See ../operations/diagnose.md for the full
reference, authentication recipes, in-cluster invocation
(kubectl exec), and CI-integration patterns.
promforecast inspect \
--config <path> --query <id> \
[--series-filter '{label="value",...}'] \
[--horizon <duration>] [--lookback <duration>] [--model <name>] \
[--backtest] [--json]Debugs a single weird forecast: fetches the configured series from
the TSDB, runs the configured fit pipeline exactly as the live
forecaster would, and prints the inputs, the fit, the forecast curve,
and (with --backtest) the per-fold backtest predictions vs.
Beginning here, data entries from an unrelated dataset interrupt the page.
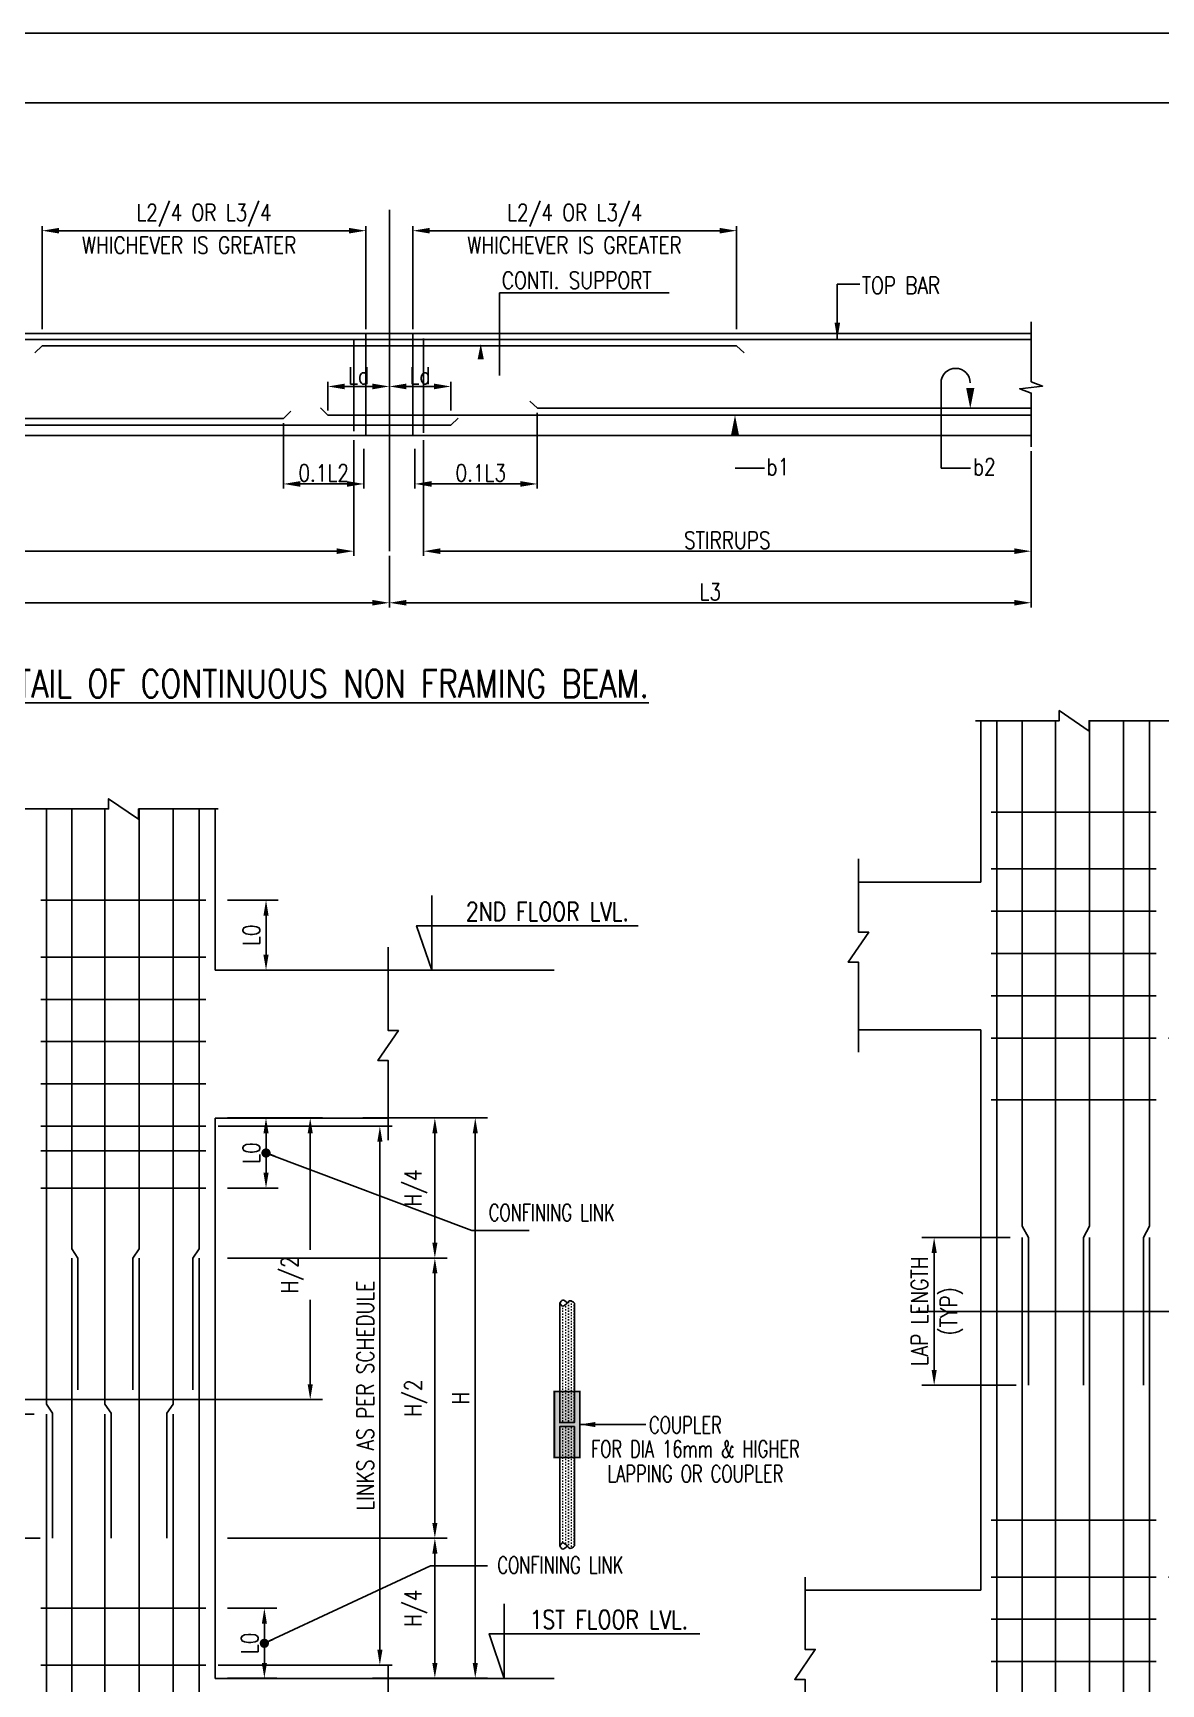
# Model space of a CAD drawing. Extents: x 345615 to 1272425, y -526289 to -156124.
# Drawn here: x 562354 to 580673, y -293089 to -266277 of the extents above; entities that cross this region are included whole.
import ezdxf
from ezdxf.enums import TextEntityAlignment as Align
from ezdxf.lldxf.tags import DXFTag

# ---------------------------------------------------------------- set-up
doc = ezdxf.new("R2010")
doc.units = 0
doc.header["$LTSCALE"] = 500
doc.header["$MEASUREMENT"] = 0
doc.header["$PDMODE"] = 35
doc.header["$PDSIZE"] = -15
doc.layers.get('DEFPOINTS').update_dxf_attribs({"color": 4})
for name, color, linetype in [('08', 4, 'Continuous'), ('BRAKE LINE', 8, 'Continuous'), ('CEN', 8, 'CENTER'), ('DIM', 5, 'Continuous'), ('HACTH', 9, 'Continuous'), ('LINE CUT', 8, 'Continuous'), ('LINK', 2, 'Continuous'), ('REINFORCEMENT', 6, 'Continuous'), ('S-CONCRET LINE', 4, 'Continuous'), ('S-R.C.C. PILE CAP', 40, 'Continuous'), ('S-REINFORCEMENT', 6, 'Continuous'), ('S-TEXT-1', 4, 'Continuous'), ('S-TITLE', 6, 'Continuous'), ('s_TITILE', 9, 'Continuous'), ('TXT', 4, 'Continuous'), ('TXT1', 2, 'Continuous')]:
    doc.layers.add(name, color=color, linetype=linetype)
doc.styles.add('ROMAND', font='simplex.shx')
doc.styles.add('ROMANS', font='simplex.shx', dxfattribs={"width": 0.8, "height": 275, "bigfont": 'bigfont.shx'})
doc.styles.add('ROMENT', font='simplex.shx', dxfattribs={"bigfont": 'bigfont.shx'})
tags = doc.linetypes.add('CENTER', pattern=[2, 1.25, -0.25, 0.25, -0.25]).pattern_tags.tags
tags[10:11] = [DXFTag(74, 4), DXFTag(75, 0), DXFTag(340, '0'), DXFTag(46, 1.0), DXFTag(50, 0.0), DXFTag(44, 0.0), DXFTag(45, 0.0)]
tags[8:9] = [DXFTag(74, 4), DXFTag(75, 0), DXFTag(340, '0'), DXFTag(46, 1.0), DXFTag(50, 0.0), DXFTag(44, 0.0), DXFTag(45, 0.0)]
tags[6:7] = [DXFTag(74, 4), DXFTag(75, 0), DXFTag(340, '0'), DXFTag(46, 1.0), DXFTag(50, 0.0), DXFTag(44, 0.0), DXFTag(45, 0.0)]
tags[4:5] = [DXFTag(74, 4), DXFTag(75, 0), DXFTag(340, '0'), DXFTag(46, 1.0), DXFTag(50, 0.0), DXFTag(44, 0.0), DXFTag(45, 0.0)]
doc.dimstyles.new('Copy of INT2TIMES', dxfattribs={"dimtxt": 300, "dimasz": 275, "dimexe": 75, "dimexo": 75, "dimgap": 40, "dimtad": 1, "dimdec": 0, "dimlfac": 0.5, "dimrnd": 5, "dimzin": 0, "dimdsep": 46, "dimtxsty": 'ROMANS', "dimcen": -1, "dimclrd": 5, "dimclre": 5, "dimclrt": 4, "dimadec": 0, "dimazin": 0, "dimtfac": 1, "dimtdec": 0, "dimtix": 1, "dimtofl": 0, "dimtmove": 2, "dimatfit": 3, "dimfxl": 0, "dimtolj": 1, "dimtzin": 0, "dimarcsym": 0})
doc.dimstyles.new('dim100', dxfattribs={"dimtxt": 250, "dimasz": 250, "dimexe": 200, "dimexo": 200, "dimgap": 100, "dimtad": 1, "dimdec": 0, "dimzin": 0, "dimdsep": 46, "dimtxsty": 'ROMANS', "dimcen": 0, "dimclrd": 5, "dimclre": 5, "dimclrt": 4, "dimadec": 0, "dimazin": 0, "dimtfac": 1, "dimtdec": 0, "dimtix": 1, "dimtofl": 0, "dimtmove": 2, "dimatfit": 3, "dimfxl": 0, "dimtolj": 1, "dimtzin": 0, "dimlwd": -1, "dimlwe": -1, "dimarcsym": 0})
doc.dimstyles.new('dim25', dxfattribs={"dimtxt": 250, "dimasz": 250, "dimexe": 200, "dimexo": 200, "dimgap": 100, "dimtad": 1, "dimdec": 0, "dimlfac": 0.25, "dimzin": 0, "dimdsep": 46, "dimtxsty": 'ROMANS', "dimcen": 0, "dimclrd": 5, "dimclre": 5, "dimclrt": 4, "dimadec": 0, "dimazin": 0, "dimtfac": 1, "dimtdec": 0, "dimtix": 1, "dimtofl": 0, "dimtmove": 2, "dimatfit": 3, "dimfxl": 0, "dimtolj": 1, "dimtzin": 0, "dimlwd": -1, "dimlwe": -1, "dimarcsym": 0})

# ---------------------------------------------------------------- blocks, each defined once
blk = doc.blocks.new('*D75')
at = {"layer": 'DEFPOINTS', "color": 0}
for p in [(580597, -282599), (580597, -291353), (582545, -291353)]:
    blk.add_point(p, dxfattribs=at)
at = {"layer": 'DIM', "color": 5}
for p, q in [((580797, -282599), (582745, -282599)), ((582545, -282849), (582545, -291103)), ((580797, -291353), (582745, -291353))]:
    blk.add_line(p, q, dxfattribs=at)
for points in [[(582503, -282849), (582586, -282849), (582545, -282599)], [(582503, -291103), (582586, -291103), (582545, -291353)]]:
    blk.add_solid(points, dxfattribs=at)
at = {"layer": 'DIM', "color": 4, "insert": (582307, -286976), "char_height": 275, "attachment_point": 5, "rotation": 90, "style": 'ROMANS'}
blk.add_mtext('\\A1;LINKS AS PER SCHEDULE', dxfattribs=at)
blk = doc.blocks.new('*D77')
at = {"layer": 'DEFPOINTS', "color": 0}
for p in [(578421, -285838), (576989, -288238), (578521, -288238)]:
    blk.add_point(p, dxfattribs=at)
at = {"layer": 'DIM', "color": 5}
for p, q in [((578221, -285838), (576789, -285838)), ((576989, -286088), (576989, -287988)), ((578321, -288238), (576789, -288238))]:
    blk.add_line(p, q, dxfattribs=at)
for points in [[(576947, -286088), (577031, -286088), (576989, -285838)], [(576947, -287988), (577031, -287988), (576989, -288238)]]:
    blk.add_solid(points, dxfattribs=at)
at = {"layer": 'DIM', "color": 4, "char_height": 275, "rotation": 90, "style": 'ROMANS'}
for s, insert, attachment_point in [('\\A1;LAP LENGTH', (576889, -287038), 8), ('\\A1;(TYP)', (577089, -287038), 2)]:
    blk.add_mtext(s, dxfattribs=dict(at, insert=insert, attachment_point=attachment_point))
blk = doc.blocks.new('*D78')
at = {"layer": 'DEFPOINTS', "color": 0}
for p in [(567819, -283897), (567665, -292997), (569536, -292997)]:
    blk.add_point(p, dxfattribs=at)
at = {"layer": 'DIM', "color": 5}
for p, q in [((568019, -283897), (569736, -283897)), ((569536, -284147), (569536, -292747)), ((567865, -292997), (569736, -292997))]:
    blk.add_line(p, q, dxfattribs=at)
for points in [[(569495, -284147), (569578, -284147), (569536, -283897)], [(569495, -292747), (569578, -292747), (569536, -292997)]]:
    blk.add_solid(points, dxfattribs=at)
at = {"layer": 'DIM', "color": 4, "insert": (569299, -288447), "char_height": 275, "attachment_point": 5, "rotation": 90, "style": 'ROMANS'}
blk.add_mtext('\\A1;H', dxfattribs=at)
blk = doc.blocks.new('*D79')
at = {"layer": 'DEFPOINTS', "color": 0}
for p in [(565311, -283897), (565311, -288470), (566856, -288470)]:
    blk.add_point(p, dxfattribs=at)
at = {"layer": 'DIM', "color": 5}
for p, q in [((565511, -283897), (567056, -283897)), ((566856, -284147), (566856, -286040)), ((566856, -288220), (566856, -286848)), ((565511, -288470), (567056, -288470))]:
    blk.add_line(p, q, dxfattribs=at)
for points in [[(566814, -284147), (566898, -284147), (566856, -283897)], [(566814, -288220), (566898, -288220), (566856, -288470)]]:
    blk.add_solid(points, dxfattribs=at)
at = {"layer": 'DIM', "color": 4, "insert": (566566, -286444), "char_height": 275, "attachment_point": 5, "rotation": 90, "style": 'ROMANS'}
blk.add_mtext('\\A1;H/2', dxfattribs=at)
blk = doc.blocks.new('*D84')
at = {"layer": 'DEFPOINTS', "color": 0}
for p in [(567512, -283897), (565311, -286172), (568880, -286172)]:
    blk.add_point(p, dxfattribs=at)
at = {"layer": 'DIM', "color": 5}
for p, q in [((567712, -283897), (569080, -283897)), ((568880, -284147), (568880, -285922)), ((565511, -286172), (569080, -286172))]:
    blk.add_line(p, q, dxfattribs=at)
for points in [[(568839, -284147), (568922, -284147), (568880, -283897)], [(568839, -285922), (568922, -285922), (568880, -286172)]]:
    blk.add_solid(points, dxfattribs=at)
at = {"layer": 'DIM', "color": 4, "insert": (568571, -285035), "char_height": 275, "attachment_point": 5, "rotation": 90, "style": 'ROMANS'}
blk.add_mtext('\\A1;H/4', dxfattribs=at)
blk = doc.blocks.new('*D85')
at = {"layer": 'DEFPOINTS', "color": 0}
for p in [(565311, -286172), (565311, -290722), (568880, -290722)]:
    blk.add_point(p, dxfattribs=at)
at = {"layer": 'DIM', "color": 5}
for p, q in [((565511, -286172), (569080, -286172)), ((568880, -286422), (568880, -290472)), ((565511, -290722), (569080, -290722))]:
    blk.add_line(p, q, dxfattribs=at)
for points in [[(568839, -286422), (568922, -286422), (568880, -286172)], [(568839, -290472), (568922, -290472), (568880, -290722)]]:
    blk.add_solid(points, dxfattribs=at)
at = {"layer": 'DIM', "color": 4, "insert": (568571, -288447), "char_height": 275, "attachment_point": 5, "rotation": 90, "style": 'ROMANS'}
blk.add_mtext('\\A1;H/2', dxfattribs=at)
blk = doc.blocks.new('*D86')
at = {"layer": 'DEFPOINTS', "color": 0}
for p in [(565311, -290722), (567665, -292997), (568880, -292997)]:
    blk.add_point(p, dxfattribs=at)
at = {"layer": 'DIM', "color": 5}
for p, q in [((565511, -290722), (569080, -290722)), ((568880, -290972), (568880, -292747)), ((567865, -292997), (569080, -292997))]:
    blk.add_line(p, q, dxfattribs=at)
for points in [[(568839, -290972), (568922, -290972), (568880, -290722)], [(568839, -292747), (568922, -292747), (568880, -292997)]]:
    blk.add_solid(points, dxfattribs=at)
at = {"layer": 'DIM', "color": 4, "insert": (568571, -291860), "char_height": 275, "attachment_point": 5, "rotation": 90, "style": 'ROMANS'}
blk.add_mtext('\\A1;H/4', dxfattribs=at)
blk = doc.blocks.new('*D136')
at = {"layer": 'DEFPOINTS', "color": 0}
for p in [(565159, -284031), (565159, -292784), (567987, -292784)]:
    blk.add_point(p, dxfattribs=at)
at = {"layer": 'DIM', "color": 5}
for p, q in [((565359, -284031), (568187, -284031)), ((567987, -284281), (567987, -292534)), ((565359, -292784), (568187, -292784))]:
    blk.add_line(p, q, dxfattribs=at)
for points in [[(567946, -284281), (568029, -284281), (567987, -284031)], [(567946, -292534), (568029, -292534), (567987, -292784)]]:
    blk.add_solid(points, dxfattribs=at)
at = {"layer": 'DIM', "color": 4, "insert": (567750, -288407), "char_height": 275, "attachment_point": 5, "rotation": 90, "style": 'ROMANS'}
blk.add_mtext('\\A1;LINKS AS PER SCHEDULE', dxfattribs=at)
blk = doc.blocks.new('*D138')
at = {"layer": 'DEFPOINTS', "color": 0}
for p in [(562571, -288705), (561531, -290722), (562671, -290722)]:
    blk.add_point(p, dxfattribs=at)
at = {"layer": 'DIM', "color": 5}
for p, q in [((561531, -288455), (561531, -288205)), ((562371, -288705), (561331, -288705)), ((562471, -290722), (561331, -290722)), ((561531, -290972), (561531, -291222))]:
    blk.add_line(p, q, dxfattribs=at)
for points in [[(561490, -288455), (561573, -288455), (561531, -288705)], [(561490, -290972), (561573, -290972), (561531, -290722)]]:
    blk.add_solid(points, dxfattribs=at)
at = {"layer": 'DIM', "color": 4, "char_height": 275, "rotation": 90, "style": 'ROMANS'}
for s, insert, attachment_point in [('\\A1;LAP LENGTH', (561431, -289713), 8), ('\\A1;(TYP)', (561631, -289713), 2)]:
    blk.add_mtext(s, dxfattribs=dict(at, insert=insert, attachment_point=attachment_point))
blk = doc.blocks.new('*D376')
at = {"layer": 'DEFPOINTS', "color": 0, "ltscale": 2}
for p in [(551604, -274180), (568141, -274692), (551604, -275530)]:
    blk.add_point(p, dxfattribs=at)
at = {"layer": 'DIM', "color": 5, "lineweight": -2, "ltscale": 2}
for p, q in [((551604, -274255), (551604, -275605)), ((568141, -274767), (568141, -275605)), ((567866, -275530), (551879, -275530))]:
    blk.add_line(p, q, dxfattribs=at)
at = {"layer": 'DIM', "color": 5, "ltscale": 2}
for points in [[(551879, -275484), (551879, -275575), (551604, -275530)], [(567866, -275484), (567866, -275575), (568141, -275530)]]:
    blk.add_solid(points, dxfattribs=at)
at = {"layer": 'DIM', "color": 4, "ltscale": 2, "insert": (559872, -275352), "char_height": 275, "attachment_point": 5, "style": 'ROMANS'}
blk.add_mtext('\\A1;L2', dxfattribs=at)
blk = doc.blocks.new('*D377')
at = {"layer": 'DEFPOINTS', "color": 0, "ltscale": 2}
for p in [(552202, -272764), (567562, -272813), (552202, -274692)]:
    blk.add_point(p, dxfattribs=at)
at = {"layer": 'DIM', "color": 5, "lineweight": -2, "ltscale": 2}
for p, q in [((552202, -272839), (552202, -274767)), ((567562, -272888), (567562, -274767)), ((567287, -274692), (552477, -274692))]:
    blk.add_line(p, q, dxfattribs=at)
at = {"layer": 'DIM', "color": 5, "ltscale": 2}
for points in [[(552477, -274646), (552477, -274738), (552202, -274692)], [(567287, -274646), (567287, -274738), (567562, -274692)]]:
    blk.add_solid(points, dxfattribs=at)
at = {"layer": 'DIM', "color": 4, "ltscale": 2, "insert": (559882, -274514), "char_height": 275, "attachment_point": 5, "style": 'ROMANS'}
blk.add_mtext('\\A1;STIRRUPS', dxfattribs=at)
blk = doc.blocks.new('*D378')
at = {"layer": 'DEFPOINTS', "color": 0, "ltscale": 2}
for p in [(570544, -272372), (568555, -272956), (570544, -273600)]:
    blk.add_point(p, dxfattribs=at)
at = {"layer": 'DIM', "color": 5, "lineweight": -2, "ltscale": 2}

actuals. See ../operations/inspect.md
for debugging walkthroughs.
Exit codes: 0 on success, 1 for inspector-level failures (unknown
query, ambiguous series, fit error), 2 for datasource / network
failures.
promforecast warmup \
[--url http://forecaster:9091] [--timeout 30] [--json]Calls a running forecaster's GET /forecast/warmup endpoint and
prints per-(group, query) "what is still loading?" status. The
endpoint must be enabled via server.expose_warmup_endpoint: true;
see ../operations/warmup.md.
Exit codes: 0 when every query reports status=ready, 1 when at
least one is still warming or errored, 2 for network failures
(suitable for a until loop in a pre-flight script).
promforecast backfill \
--config <path> --from <duration> \
[--to now|<iso-8601>] [--groups GROUP1 GROUP2 ...] [--sink-url <url>]Replays the fit pipeline at simulated past timestamps and pushes the
resulting forecast curves + accuracy summaries to the configured
sink.remote_write URL with explicit historical timestamp_ms
values. Use right after helm install so SLO / quality dashboards
populate from day one. The window is capped by
safety.backfill_max_window (default 90d); see
../operations/backfill.md for the
resource-sizing trade-off.
Exit codes: 0 on success, 1 for invalid input (over-budget
window, no configured sink), 2 for TSDB / network failures.